Abstract:Fitting multi-exponential models to Diffusion MRI (dMRI) data has always been challenging due to various underlying complexities. In this work, we introduce a novel and robust fitting framework for the standard two-compartment IVIM microstructural model. This framework provides a significant improvement over the existing methods and helps estimate the associated diffusion and perfusion parameters of IVIM in an automatic manner.
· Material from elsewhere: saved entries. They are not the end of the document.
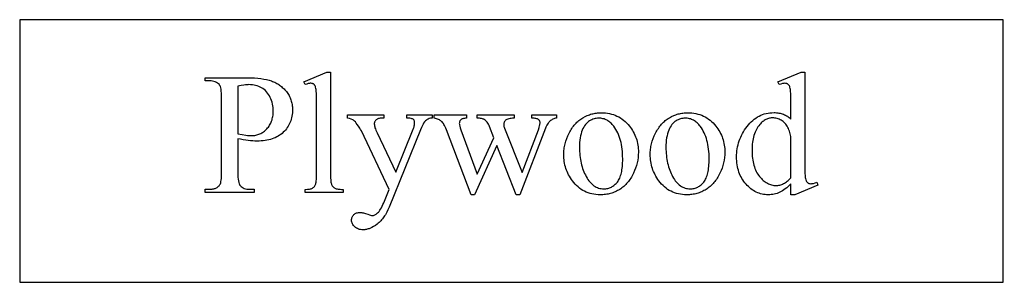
# Model space of a CAD drawing. Extents: x -4 to 204, y -54 to 64.
# Drawn here: x 4.28 to 11.78, y 34.21 to 36.21 of the extents above; entities that cross this region are included whole.
import ezdxf

# ---------------------------------------------------------------- set-up
doc = ezdxf.new("R2010")
doc.units = 0
doc.header["$MEASUREMENT"] = 0
doc.layers.add('LAYER_1', color=3, linetype='CONTINUOUS')

msp = doc.modelspace()

# ---------------------------------------------------------------- linework, layer by layer
at = {"layer": 'LAYER_1'}
for points in [[(4.27799, 34.21253), (11.77799, 34.21253), (11.77799, 36.21253), (4.27799, 36.21253)], [(6.64837, 35.81253), (6.64837, 35.03034), (6.64887, 35.00499), (6.6495, 34.99407), (6.65038, 34.98431), (6.65152, 34.97572), (6.6529, 34.9683), (6.65453, 34.96204), (6.65642, 34.95695), (6.65857, 34.95258), (6.66099, 34.94848), (6.66368, 34.94465), (6.66664, 34.9411), (6.66987, 34.93781), (6.67338, 34.9348), (6.67716, 34.93206), (6.6812, 34.92959), (6.68584, 34.9274), (6.69138, 34.92551), (6.69783, 34.9239), (6.70519, 34.92259), (6.71344, 34.92157), (6.72261, 34.92084), (6.73268, 34.9204), (6.74365, 34.92025), (6.74365, 34.89708), (6.4546, 34.89708), (6.4546, 34.92025), (6.47326, 34.92078), (6.48139, 34.92143), (6.48872, 34.92235), (6.49523, 34.92352), (6.50095, 34.92496), (6.50586, 34.92666), (6.50996, 34.92862), (6.51356, 34.93089), (6.51696, 34.93349), (6.52016, 34.93644), (6.52316, 34.93973), (6.52595, 34.94336), (6.52855, 34.94733), (6.53094, 34.95165), (6.53314, 34.95631), (6.5351, 34.96169), (6.5368, 34.96818), (6.53824, 34.97577), (6.53941, 34.98447), (6.54033, 34.99428), (6.54098, 35.00519), (6.54151, 35.03034), (6.54151, 35.56596), (6.54122, 35.61105), (6.54038, 35.64652), (6.53897, 35.67237), (6.53805, 35.68169), (6.537, 35.6886), (6.5344, 35.69912), (6.53285, 35.70371), (6.53112, 35.70784), (6.52923, 35.71151), (6.52716, 35.71474), (6.52492, 35.71751), (6.52251, 35.71983), (6.51993, 35.72179), (6.51718, 35.72349), (6.51426, 35.72493), (6.51117, 35.7261), (6.50447, 35.72767), (6.49708, 35.72819), (6.49276, 35.72803), (6.48815, 35.72755), (6.47809, 35.72562), (6.46691, 35.7224), (6.4546, 35.71789), (6.44365, 35.74043), (6.6194, 35.81253)], [(10.15824, 34.96339), (10.14749, 34.95252), (10.1368, 34.94244), (10.12617, 34.93317), (10.11559, 34.92468), (10.10508, 34.91699), (10.09463, 34.9101), (10.08424, 34.90399), (10.07391, 34.89869), (10.06351, 34.89409), (10.05291, 34.8901), (10.0421, 34.88672), (10.0311, 34.88396), (10.01989, 34.88181), (10.00848, 34.88028), (9.99688, 34.87936), (9.98507, 34.87905), (9.97309, 34.87937), (9.96131, 34.88032), (9.94971, 34.88189), (9.93831, 34.8841), (9.9271, 34.88694), (9.91608, 34.89041), (9.90525, 34.89452), (9.89462, 34.89925), (9.88417, 34.90462), (9.87392, 34.91061), (9.86385, 34.91724), (9.85398, 34.9245), (9.8443, 34.93239), (9.83481, 34.94091), (9.82551, 34.95006), (9.8164, 34.95985), (9.80767, 34.97013), (9.7995, 34.98076), (9.79189, 34.99176), (9.78485, 35.00312), (9.77837, 35.01484), (9.77246, 35.02692), (9.76711, 35.03935), (9.76232, 35.05215), (9.7581, 35.0653), (9.75443, 35.07882), (9.75134, 35.0927), (9.7488, 35.10693), (9.74683, 35.12152), (9.74542, 35.13648), (9.74458, 35.15179), (9.74429, 35.16747), (9.74461, 35.18323), (9.74554, 35.19883), (9.7471, 35.21427), (9.74928, 35.22953), (9.75209, 35.24462), (9.75552, 35.25955), (9.75957, 35.27431), (9.76425, 35.2889), (9.76955, 35.30332), (9.77548, 35.31757), (9.78203, 35.33165), (9.7892, 35.34557), (9.79699, 35.35932), (9.80541, 35.3729), (9.81446, 35.38631), (9.82412, 35.39955), (9.83428, 35.41229), (9.84479, 35.42422), (9.85567, 35.43532), (9.86689, 35.4456), (9.87848, 35.45505), (9.89042, 35.46369), (9.90272, 35.4715), (9.91538, 35.47849), (9.92839, 35.48466), (9.94176, 35.49), (9.95549, 35.49453), (9.96958, 35.49823), (9.98402, 35.5011), (9.99882, 35.50316), (10.01397, 35.50439), (10.02949, 35.5048), (10.03912, 35.50461), (10.04854, 35.50403), (10.05775, 35.50306), (10.06675, 35.50171), (10.07553, 35.49996), (10.08411, 35.49783), (10.09247, 35.49532), (10.10063, 35.49241), (10.10857, 35.48912), (10.1163, 35.48544), (10.12382, 35.48137), (10.13112, 35.47692), (10.13822, 35.47208), (10.14511, 35.46685), (10.15178, 35.46124), (10.15824, 35.45523), (10.15824, 35.56403), (10.15794, 35.6097), (10.15704, 35.64563), (10.15553, 35.67182), (10.15455, 35.68127), (10.15341, 35.68828), (10.15066, 35.69894), (10.14902, 35.70358), (10.14722, 35.70775), (10.14524, 35.71147), (10.14309, 35.71472), (10.14078, 35.7175), (10.13829, 35.71983), (10.13563, 35.72179), (10.13281, 35.72349), (10.12984, 35.72493), (10.1267, 35.7261), (10.11994, 35.72767), (10.11254, 35.72819), (10.10348, 35.72755), (10.09306, 35.72562), (10.08127, 35.7224), (10.06811, 35.71789), (10.05975, 35.74043), (10.2355, 35.81253), (10.26447, 35.81253), (10.26447, 35.13077), (10.26477, 35.084), (10.26567, 35.04732), (10.26718, 35.02074), (10.26816, 35.01124), (10.26929, 35.00427), (10.27207, 34.99371), (10.27373, 34.98907), (10.27557, 34.98487), (10.27759, 34.98111), (10.2798, 34.97777), (10.28218, 34.97487), (10.28475, 34.9724), (10.29028, 34.96846), (10.29321, 34.96691), (10.29625, 34.96564), (10.29941, 34.96466), (10.30267, 34.96395), (10.30953, 34.96339), (10.31406, 34.96356), (10.31895, 34.96407), (10.32981, 34.96612), (10.34212, 34.96954), (10.35588, 34.97433), (10.36296, 34.9518), (10.18786, 34.87905), (10.15824, 34.87905)], [(5.94151, 35.30588), (5.94151, 35.05159), (5.94179, 35.03196), (5.94263, 35.01429), (5.94404, 34.99856), (5.94601, 34.98479), (5.94855, 34.97297), (5.95164, 34.96311), (5.9534, 34.9589), (5.95531, 34.95519), (5.95735, 34.95196), (5.95953, 34.94922), (5.96604, 34.94259), (5.97333, 34.93683), (5.98141, 34.93196), (5.99027, 34.92798), (5.99992, 34.92488), (6.01035, 34.92267), (6.02156, 34.92134), (6.03357, 34.9209), (6.06704, 34.9209), (6.06704, 34.89708), (5.69301, 34.89708), (5.69301, 34.9209), (5.72584, 34.9209), (5.73919, 34.92146), (5.74549, 34.92217), (5.75155, 34.92315), (5.75736, 34.92442), (5.76293, 34.92597), (5.76825, 34.9278), (5.77332, 34.92991), (5.77814, 34.93231), (5.78272, 34.93498), (5.78706, 34.93794), (5.79114, 34.94118), (5.79498, 34.9447), (5.79858, 34.9485), (5.80192, 34.95258), (5.80502, 34.95695), (5.80804, 34.96279), (5.81066, 34.97035), (5.81287, 34.97961), (5.81468, 34.99059), (5.81609, 35.00327), (5.8171, 35.01767), (5.8177, 35.03377), (5.8179, 35.05159), (5.8179, 35.61553), (5.81763, 35.63516), (5.81681, 35.65283), (5.81546, 35.66855), (5.81355, 35.68233), (5.81111, 35.69414), (5.80812, 35.70401), (5.80643, 35.70821), (5.80459, 35.71193), (5.80262, 35.71516), (5.80052, 35.71789), (5.79386, 35.72453), (5.78644, 35.73029), (5.77825, 35.73516), (5.76929, 35.73914), (5.75958, 35.74224), (5.7491, 35.74445), (5.73785, 35.74578), (5.72584, 35.74622), (5.69301, 35.74622), (5.69301, 35.77004), (6.01296, 35.77004), (6.04148, 35.76966), (6.06845, 35.76853), (6.09387, 35.76665), (6.11774, 35.764), (6.14006, 35.76061), (6.16083, 35.75646), (6.18005, 35.75156), (6.19773, 35.7459), (6.20609, 35.74275), (6.2143, 35.73935), (6.22233, 35.73568), (6.2302, 35.73176), (6.2379, 35.72757), (6.24544, 35.72313), (6.25281, 35.71843), (6.26001, 35.71347), (6.26705, 35.70825), (6.27393, 35.70277), (6.28063, 35.69703), (6.28717, 35.69104), (6.29355, 35.68478), (6.29976, 35.67827), (6.31168, 35.66446), (6.31729, 35.65722), (6.32254, 35.6498), (6.32743, 35.64223), (6.33196, 35.63448), (6.33612, 35.62658), (6.33992, 35.6185), (6.34336, 35.61026), (6.34644, 35.60185), (6.34916, 35.59328), (6.35151, 35.58454), (6.3535, 35.57564), (6.35513, 35.56657), (6.3564, 35.55733), (6.3573, 35.54793), (6.35785, 35.53836), (6.35803, 35.52862), (6.35775, 35.51542), (6.35693, 35.50253), (6.35555, 35.48995), (6.35362, 35.47768), (6.35114, 35.46573), (6.34812, 35.45409), (6.34454, 35.44276), (6.34041, 35.43174), (6.33572, 35.42103), (6.33049, 35.41063), (6.32471, 35.40055), (6.31838, 35.39078), (6.31149, 35.38131), (6.30406, 35.37217), (6.29607, 35.36333), (6.28754, 35.3548), (6.2785, 35.3467), (6.269, 35.33911), (6.25905, 35.33205), (6.24865, 35.32551), (6.23779, 35.3195), (6.22647, 35.314), (6.2147, 35.30904), (6.20248, 35.30459), (6.1898, 35.30067), (6.17666, 35.29727), (6.16307, 35.29439), (6.14902, 35.29204), (6.13452, 35.29021), (6.11956, 35.2889), (6.10415, 35.28811), (6.08829, 35.28785), (6.07219, 35.28813), (6.05545, 35.28898), (6.03807, 35.29039), (6.02005, 35.29236), (6.00138, 35.29489), (5.98206, 35.29799), (5.96211, 35.30165)], [(5.94151, 35.34257), (5.97369, 35.33694), (6.00202, 35.33292), (6.01473, 35.33151), (6.02648, 35.3305), (6.03727, 35.3299), (6.04708, 35.3297), (6.05538, 35.3299), (6.06354, 35.33051), (6.07155, 35.33152), (6.07941, 35.33294), (6.08714, 35.33476), (6.09472, 35.33698), (6.10216, 35.33962), (6.10945, 35.34265), (6.1166, 35.34609), (6.12361, 35.34994), (6.13047, 35.35419), (6.13719, 35.35885), (6.14377, 35.36391), (6.1502, 35.36937), (6.1565, 35.37525), (6.16264, 35.38152), (6.16853, 35.38812), (6.17403, 35.39495), (6.17916, 35.40203), (6.18391, 35.40934), (6.18827, 35.4169), (6.19226, 35.42469), (6.19587, 35.43272), (6.1991, 35.44099), (6.20194, 35.4495), (6.20441, 35.45825), (6.2065, 35.46723), (6.20821, 35.47646), (6.20954, 35.48592), (6.21049, 35.49563), (6.21106, 35.50557), (6.21125, 35.51575), (6.21089, 35.52979), (6.2098, 35.54357), (6.20799, 35.55711), (6.20545, 35.57039), (6.20219, 35.58342), (6.19821, 35.5962), (6.1935, 35.60873), (6.18807, 35.62101), (6.18198, 35.63277), (6.17528, 35.64378), (6.16797, 35.65402), (6.16007, 35.6635), (6.15156, 35.67221), (6.14244, 35.68015), (6.13273, 35.68733), (6.12241, 35.69375), (6.1116, 35.69941), (6.10044, 35.70431), (6.08891, 35.70846), (6.07702, 35.71186), (6.06477, 35.7145), (6.05215, 35.71639), (6.03918, 35.71752), (6.02584, 35.71789), (6.01734, 35.7177), (6.00826, 35.71713), (5.99859, 35.71617), (5.98834, 35.71484), (5.96609, 35.71101), (5.94151, 35.70566)], [(6.77841, 35.48678), (7.05331, 35.48678), (7.05331, 35.46296), (7.03979, 35.46296), (7.03277, 35.46276), (7.02621, 35.46217), (7.0201, 35.46119), (7.01444, 35.45982), (7.00923, 35.45805), (7.00448, 35.4559), (7.00018, 35.45335), (6.99633, 35.4504), (6.99294, 35.44717), (6.99, 35.44375), (6.98751, 35.44013), (6.98547, 35.43632), (6.98389, 35.43232), (6.98275, 35.42813), (6.98207, 35.42375), (6.98185, 35.41918), (6.98218, 35.4126), (6.98318, 35.40542), (6.98484, 35.39764), (6.98716, 35.38925), (6.99015, 35.38025), (6.9938, 35.37066), (6.99811, 35.36046), (7.00309, 35.34965), (7.14666, 35.05223), (7.27863, 35.37798), (7.28119, 35.38457), (7.28342, 35.39114), (7.2853, 35.39769), (7.28684, 35.40421), (7.28803, 35.41072), (7.28889, 35.41721), (7.2894, 35.42368), (7.28957, 35.43013), (7.28929, 35.43556), (7.28845, 35.44027), (7.28704, 35.44425), (7.28507, 35.44751), (7.28213, 35.45087), (7.27847, 35.45387), (7.27408, 35.4565), (7.26897, 35.45877), (7.26245, 35.4606), (7.25384, 35.46191), (7.24314, 35.4627), (7.23035, 35.46296), (7.23035, 35.48678), (7.42219, 35.48678), (7.42219, 35.46296), (7.41097, 35.46135), (7.40111, 35.4591), (7.39262, 35.4562), (7.3855, 35.45266), (7.3789, 35.44795), (7.37198, 35.44155), (7.36473, 35.43347), (7.35717, 35.42369), (7.35363, 35.41721), (7.3488, 35.40679), (7.34269, 35.39242), (7.33528, 35.37412), (7.09515, 34.78571), (7.08613, 34.76495), (7.07642, 34.74551), (7.07132, 34.73628), (7.06605, 34.72737), (7.06061, 34.7188), (7.055, 34.71054), (7.04922, 34.70262), (7.04327, 34.69502), (7.03716, 34.68775), (7.03088, 34.68081), (7.02442, 34.67419), (7.0178, 34.6679), (7.01102, 34.66194), (7.00406, 34.65631), (6.99004, 34.64605), (6.97615, 34.63715), (6.9624, 34.62963), (6.94877, 34.62347), (6.94201, 34.62091), (6.93528, 34.61869), (6.92858, 34.6168), (6.92192, 34.61527), (6.91528, 34.61407), (6.90868, 34.61321), (6.90212, 34.6127), (6.89558, 34.61253), (6.8863, 34.61287), (6.87744, 34.6139), (6.869, 34.61561), (6.86098, 34.618), (6.85338, 34.62108), (6.84621, 34.62484), (6.83946, 34.62929), (6.83314, 34.63442), (6.8274, 34.63999), (6.82243, 34.64576), (6.81823, 34.65174), (6.81479, 34.65792), (6.81211, 34.66429), (6.8102, 34.67087), (6.80905, 34.67765), (6.80867, 34.68463), (6.80895, 34.69123), (6.80978, 34.69749), (6.81116, 34.70342), (6.8131, 34.70902), (6.81559, 34.71428), (6.81863, 34.71922), (6.82223, 34.72382), (6.82638, 34.72809), (6.83101, 34.73193), (6.83605, 34.73527), (6.84151, 34.73809), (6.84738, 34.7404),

As a part of this work we provide capabilities to switch between more advanced global optimization methods such as simplicial homology (SH) and differential evolution (DE). Our experiments show that the results obtained from this simultaneous fitting procedure disentangle the model parameters in a reduced subspace. The proposed framework extends the seminal work originated in the MIX framework, with improved procedures for multi-stage fitting. This framework has been made available as an open-source Python implementation and disseminated to the community through the DIPY project.